Post-steroids, I took a course of Vit D and am on my second course now some 18 months later.  

Oooops - sorry! Someone we know was told never to take ANY bisphosphonates ever after her adverse reaction - that'll annoy me now until I remember!

However - it does also show that it is possible to survive on pred without calcium doesn't it!

Absolutely no need for apologies, Eileen - it's only me after all!lol  Anyway, considering the trillions of people you help with all your advice, I think those little grey cells of your's deserve a big pat on the back!

Yes, surviving Pred without Calcichew or the like proved possible for me - in any case that particular oversight on the part of the rheumy/GP could also have proved a lucky escape when I learned that the extra calcium supplement may well have further harmed my kidney function, because I'm in no doubt that they would have failed to watch my calcium levels.  However, I did ensure I ate plenty of calcium-rich foods.

Do hope you've got better weather over there - very cold wind here and continuous rain for the last few days - the heating is back on! xxx

It's disgusting today - we've had wind for the last week or so too, and that is unusual, and now it's raing again. We have had a few nice days in between though, sort of 20+ which was hot when the sun was out - but when it wasn't and the wind was blowing it was less comfortable. Today? 13C and rain :-(

We're patiently waiting for a forecast to suggest it won't rain too much to go away with the camper.
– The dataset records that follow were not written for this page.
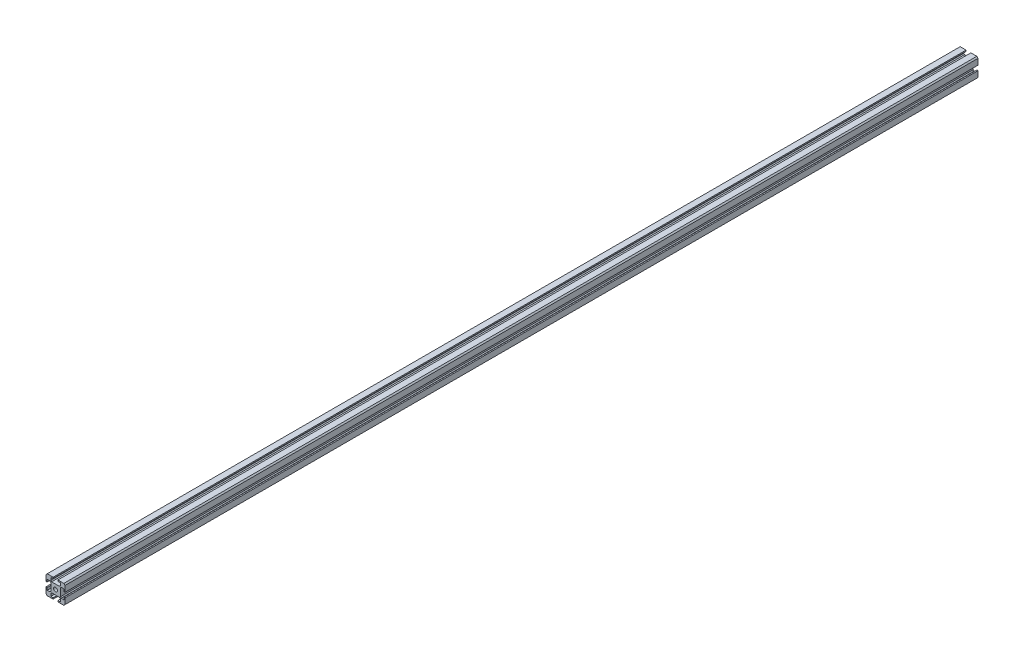
from build123d import *

# Parameters (mm, degrees)
SKETCH1_R      = 2.6035
EXTRUDE1_DEPTH = 1219.2
CHAMFER1_SIZE  = 1.5875


with BuildPart() as part:
    # Sketch1 → Extrude1 (new body)
    with BuildSketch(Plane.XY):
        Polygon((12.7, 3.175), (12.7, 12.7), (3.175, 12.7), (3.175, 11.1125), (6.35, 11.1125), (6.35, 7.472532015), (5.227467985, 6.35), (-5.227467985, 6.35), (-6.35, 7.472532015), (-6.35, 11.1125), (-3.175, 11.1125), (-3.175, 12.7), (-12.7, 12.7), (-12.7, 3.175), (-11.1125, 3.175), (-11.1125, 6.35), (-7.472532015, 6.35), (-6.35, 5.227467985), (-6.35, -5.227467985), (-7.472532015, -6.35), (-11.1125, -6.35), (-11.1125, -3.175), (-12.7, -3.175), (-12.7, -12.7), (-3.175, -12.7), (-3.175, -11.1125), (-6.35, -11.1125), (-6.35, -7.472532015), (-5.227467985, -6.35), (5.227467985, -6.35), (6.35, -7.472532015), (6.35, -11.1125), (3.175, -11.1125), (3.175, -12.7), (12.7, -12.7), (12.7, -3.175), (11.1125, -3.175), (11.1125, -6.35), (7.472532015, -6.35), (6.35, -5.227467985), (6.35, 5.227467985), (7.472532015, 6.35), (11.1125, 6.35), (11.1125, 3.175), align=None)
        with Locations(Location((0, 0, 0), (0, 0, 180))):
            Circle(SKETCH1_R, mode=Mode.SUBTRACT)
    extrude(amount=EXTRUDE1_DEPTH)

    # Chamfer1
    chamfer1_edges = [part.edges().sort_by_distance(p)[0] for p in [
        (12.7, -12.7, 609.6),
        (-12.7, -12.7, 609.6),
        (-12.7, 12.7, 609.6),
        (12.7, 12.7, 609.6),
    ]]
    chamfer(chamfer1_edges, length=CHAMFER1_SIZE)


solid = part.part

Or not so patiently...

 whats up with this site, i have chimed in several times that i have discovered an ayurvedic med from India that completely knocks out my pmr and the info is not even posted all i hear about is prednisone and other steroids, hello , anyone interested, Robert.

You haven't actually said that you have got PMR and if you have you have my greatest sympathy it is a terrible thing to have and so painful 

I came onto this site for support and back up from fellow PMR sufferers and they have been absolutely great in their help and support so if you post again to this let the other PMR sufferers know what is the matter with you and see if they can point you in the right direction for help and advise 

Hello Robert, it sound sounds as though you've had problems getting in touch but you're here now so welcome.

I'm sorry to hear you've been diagnosed with PMR, but the reason you"only hear about"prednisone and other steroids" is simply because steroids are the only tried and test treatment available to reduce the inflammation of this illness and most importantly to reduce the chance of contracting GCA with its risk to eyesight.  If you have found something that, as you say, "knocks out pmr", then it probably isn't PMR.  Perhaps you could give us more details, ie when diagnosed, blood test results, symptoms etc.